I would bet that your problem stems from the disconnected O2's. First, did the car run correctly before you put in the long tubes? If so, I am all most certain it is the disconnected O2s. In your first post, you mentioned that the car ran fine cold until it warmed up. Here's how I think why, at around 160F the EEC gives the O2's air/fuel ratio control for the engine. I believe the car ran ok before the rain incendent is because the EEC uses an adaptive fuel mapping logic, it watches for variations in the O2 sensor signal. If the EEC senses that the O2 singal tends to bias toward a lean or rich condtion the EEC will try to compensate for a better 14.0:1 ratio. Which might explain why the car still ran because the computer tried to keep the fuel ratio close until it could no longer compensate or until it recieved a new crazy singal from your water shorted O2 connector plugs. Futhermore, the EEC is constantly monitoring the input/output signals to the computer looking for variations, and when it finds one, it will assign a code to it based on the findings/variations from the norm and store it in memory until you pull them out. And as for your last entry you mentioned the the car is staring to run a little better, that is because the computer is adapting to the new conditions as best it can. My suggestion is to either get new O2's with 16'' leads or buy the extensions for your exsiting O2's but if they are the originals it might be a good idea to replace them. Sorry for such a long post.. but I too have a highly modified stang and have been wrestling with the surging idle FOREVER until I finally sat down and learned how the whole system works. Now she purrs like a kitten. Ok I'm done now.:D

GreenPony 03-01-2002 09:19 AM

02 sensors?
 
Lemme get this straight since i have an offroad h pipe , i do not have my 02 sensors plugged...Could this be bad?, What kinda problems should i look for if something starts to identify it as o2 sensor wires?

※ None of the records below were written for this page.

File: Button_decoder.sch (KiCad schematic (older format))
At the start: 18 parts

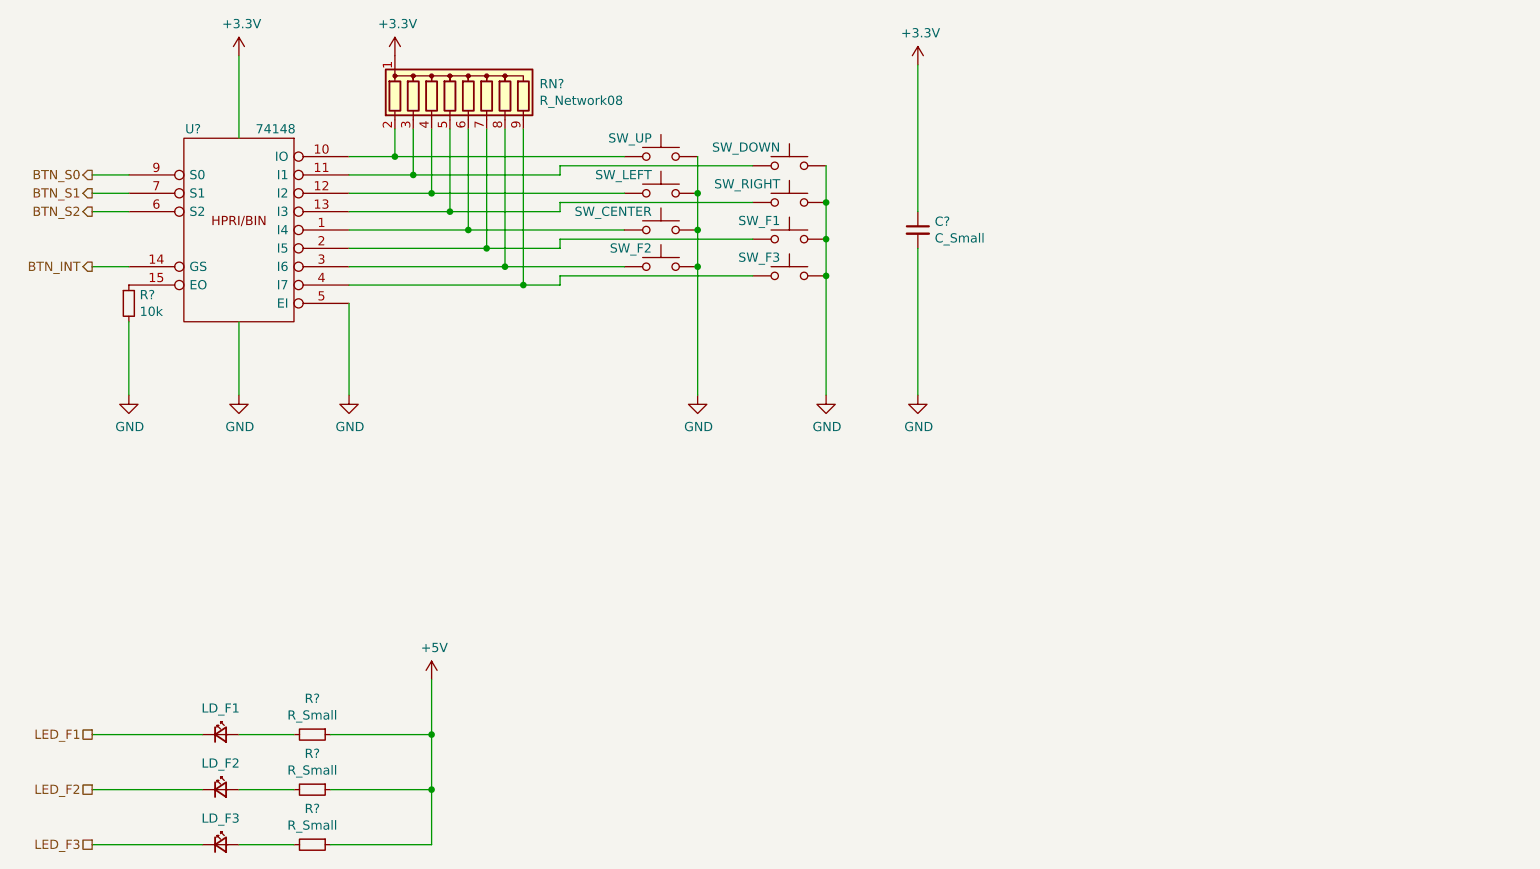
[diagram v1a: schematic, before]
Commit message: Bauteile grob platziert
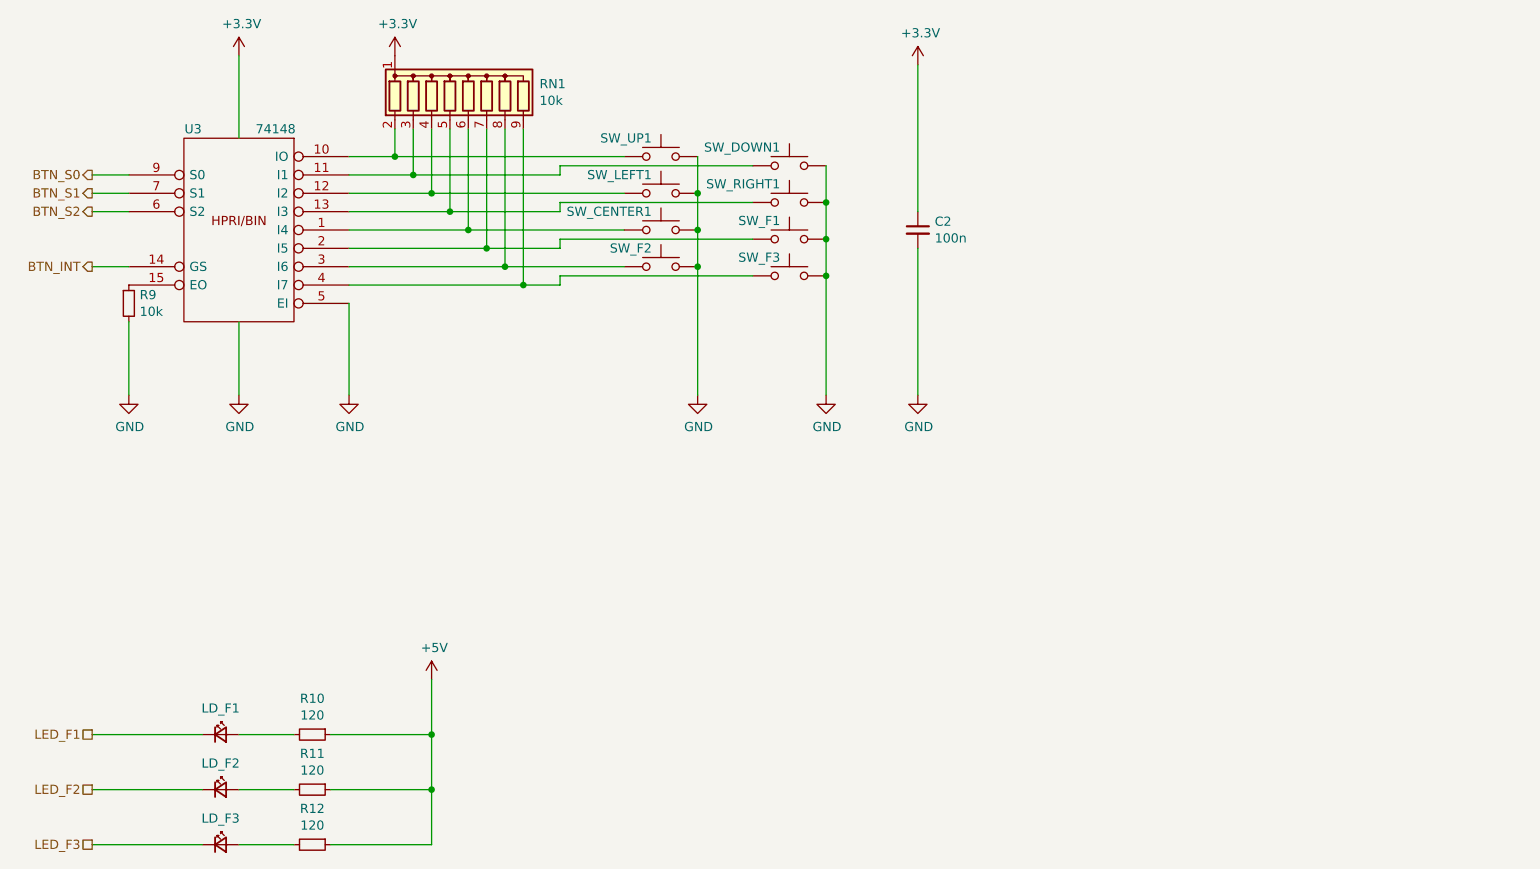
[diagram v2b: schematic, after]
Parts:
- C2: renamed from C?; value C_Small -> 100n; footprint (none) -> Capacitor_SMD:C_0603_1608Metric_Pad1.05x0.95mm_HandSolder
- LD_F1, LD_F2, LD_F3: footprint (none) -> LED_THT:LED_D3.0mm
- R10, R11, R12: renamed from R?; value R_Small -> 120; footprint (none) -> Resistor_SMD:R_0603_1608Metric_Pad1.05x0.95mm_HandSolder
- R9: renamed from R?; footprint (none) -> Resistor_SMD:R_0603_1608Metric_Pad1.05x0.95mm_HandSolder
- RN1: renamed from RN?; value R_Network08 -> 10k
- SW_CENTER1: renamed from SW_CENTER; footprint (none) -> Button_Switch_SMD:SW_MEC_5GSH9
- SW_DOWN1: renamed from SW_DOWN; footprint (none) -> Button_Switch_SMD:SW_MEC_5GSH9
- SW_F1, SW_F2, SW_F3: footprint (none) -> Button_Switch_SMD:SW_MEC_5GSH9
- SW_LEFT1: renamed from SW_LEFT; footprint (none) -> Button_Switch_SMD:SW_MEC_5GSH9
- SW_RIGHT1: renamed from SW_RIGHT; footprint (none) -> Button_Switch_SMD:SW_MEC_5GSH9
- SW_UP1: renamed from SW_UP; footprint (none) -> Button_Switch_SMD:SW_MEC_5GSH9
- U3: renamed from U?; footprint (none) -> Package_SO:SOIC-16_3.9x9.9mm_P1.27mm
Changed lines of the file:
@@
 BTN_INT
 $Comp
-L 74xx_IEEE:74148 U?
+L 74xx_IEEE:74148 U3
 U 1 1 5EFADAFE
 P 3300 2750
-F 0 "U?" H 3550 3300 50  0000 C CNN
+F 0 "U3" H 3550 3300 50  0000 C CNN
 F 1 "74148" H 3100 3300 50  0000 C CNN
-F 2 "" H 3300 2750 50  0001 C CNN
+F 2 "Package_SO:SOIC-16_3.9x9.9mm_P1.27mm" H 3300 2750 50  0001 C CNN
 F 3 "" H 3300 2750 50  0001 C CNN
 	1    3300 2750
@@
 	2500 2950 2700 2950
 $Comp
-L power:+3.3V #PWR?
+L power:+3.3V #PWR0110
 U 1 1 5EFAFAAB
 P 3300 1800
-F 0 "#PWR?" H 3300 1650 50  0001 C CNN
+F 0 "#PWR0110" H 3300 1650 50  0001 C CNN
 F 1 "+3.3V" H 3315 1973 50  0000 C CNN
 F 2 "" H 3300 1800 50  0001 C CNN
@@
 	3300 1800 3300 2250
 $Comp
-L power:GND #PWR?
+L power:GND #PWR0111
 U 1 1 5EFAFEDD
 P 3300 3650
-F 0 "#PWR?" H 3300 3400 50  0001 C CNN
+F 0 "#PWR0111" H 3300 3400 50  0001 C CNN
 F 1 "GND" H 3305 3477 50  0000 C CNN
 F 2 "" H 3300 3650 50  0001 C CNN
@@
 	3300 3650 3300 3250
 $Comp
-L power:GND #PWR?
+L power:GND #PWR0112
 U 1 1 5EFB0576
 P 2700 3650
-F 0 "#PWR?" H 2700 3400 50  0001 C CNN
+F 0 "#PWR0112" H 2700 3400 50  0001 C CNN
 F 1 "GND" H 2705 3477 50  0000 C CNN
 F 2 "" H 2700 3650 50  0001 C CNN
@@
 $EndComp
 $Comp
-L Device:R_Small R?
+L Device:R_Small R9
 U 1 1 5EFB06F4
 P 2700 3150
-F 0 "R?" H 2759 3196 50  0000 L CNN
+F 0 "R9" H 2759 3196 50  0000 L CNN
 F 1 "10k" H 2759 3105 50  0000 L CNN
-F 2 "" H 2700 3150 50  0001 C CNN
+F 2 "Resistor_SMD:R_0603_1608Metric_Pad1.05x0.95mm_HandSolder" H 2700 3150 50  0001 C CNN
 F 3 "~" H 2700 3150 50  0001 C CNN
 	1    2700 3150
@@
 	2700 3250 2700 3650
 $Comp
-L Device:R_Network08 RN?
+L Device:R_Network08 RN1
 U 1 1 5EFB12E3
 P 4550 2000
-F 0 "RN?" H 4938 2046 50  0000 L CNN
-F 1 "R_Network08" H 4938 1955 50  0000 L CNN
+F 0 "RN1" H 4938 2046 50  0000 L CNN
+F 1 "10k" H 4938 1955 50  0000 L CNN
 F 2 "Resistor_THT:R_Array_SIP9" V 5025 2000 50  0001 C CNN
 F 3 "http://www.vishay.com/docs/31509/csc.pdf" H 4550 2000 50  0001 C CNN
@@
 $EndComp
 $Comp
-L power:+3.3V #PWR?
+L power:+3.3V #PWR0113
 U 1 1 5EFB2E2E
 P 4150 1800
-F 0 "#PWR?" H 4150 1650 50  0001 C CNN
+F 0 "#PWR0113" H 4150 1650 50  0001 C CNN
 F 1 "+3.3V" H 4165 1973 50  0000 C CNN
 F 2 "" H 4150 1800 50  0001 C CNN
@@
 $EndComp
 $Comp
-L Switch:SW_MEC_5G SW_UP
+L Switch:SW_MEC_5G SW_UP1
 U 1 1 5EFB42CA
 P 5600 2350
-F 0 "SW_UP" H 5550 2450 50  0000 R CNN
+F 0 "SW_UP1" H 5550 2450 50  0000 R CNN
 F 1 "SW_MEC_5G" H 5850 2450 50  0001 C CNN
-F 2 "" H 5600 2550 50  0001 C CNN
+F 2 "Button_Switch_SMD:SW_MEC_5GSH9" H 5600 2550 50  0001 C CNN
 F 3 "http://www.apem.com/int/index.php?controller=attachment&id_attachment=488" H 5600 2550 50  0001 C CNN
 	1    5600 2350
@@
 	4850 3050 3900 3050
 $Comp
-L Switch:SW_MEC_5G SW_LEFT
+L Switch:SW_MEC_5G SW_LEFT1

NotchJohnson 03-01-2002 09:53 AM

Man I sure hope your right Shogun. What you say really makes sense to me so I hope thats it. Im getting ready to go put the car on a lift now and hook the o2 sensors up. Thanks alot for the help and Ill let you know if it works - John

Shogun 03-01-2002 05:35 PM

o2's
 
Well, a hole host of things could happen, such as poor idle quaility, hesititations or backfires at low speed operation, and increased fuel consumtion to name a few.

Shogun 03-01-2002 05:36 PM

Quote:

Originally posted by NotchJohnson
Man I sure hope your right Shogun. What you say really makes sense to me so I hope thats it. Im getting ready to go put the car on a lift now and hook the o2 sensors up. Thanks alot for the help and Ill let you know if it works - John
hey glad I could help I hope it works for ya!

gtsr515 03-02-2002 04:09 PM

The 02's MUST be hooked up man! those are the sensors that are key to your proper air/fuel ratio! no wonder it won't run right.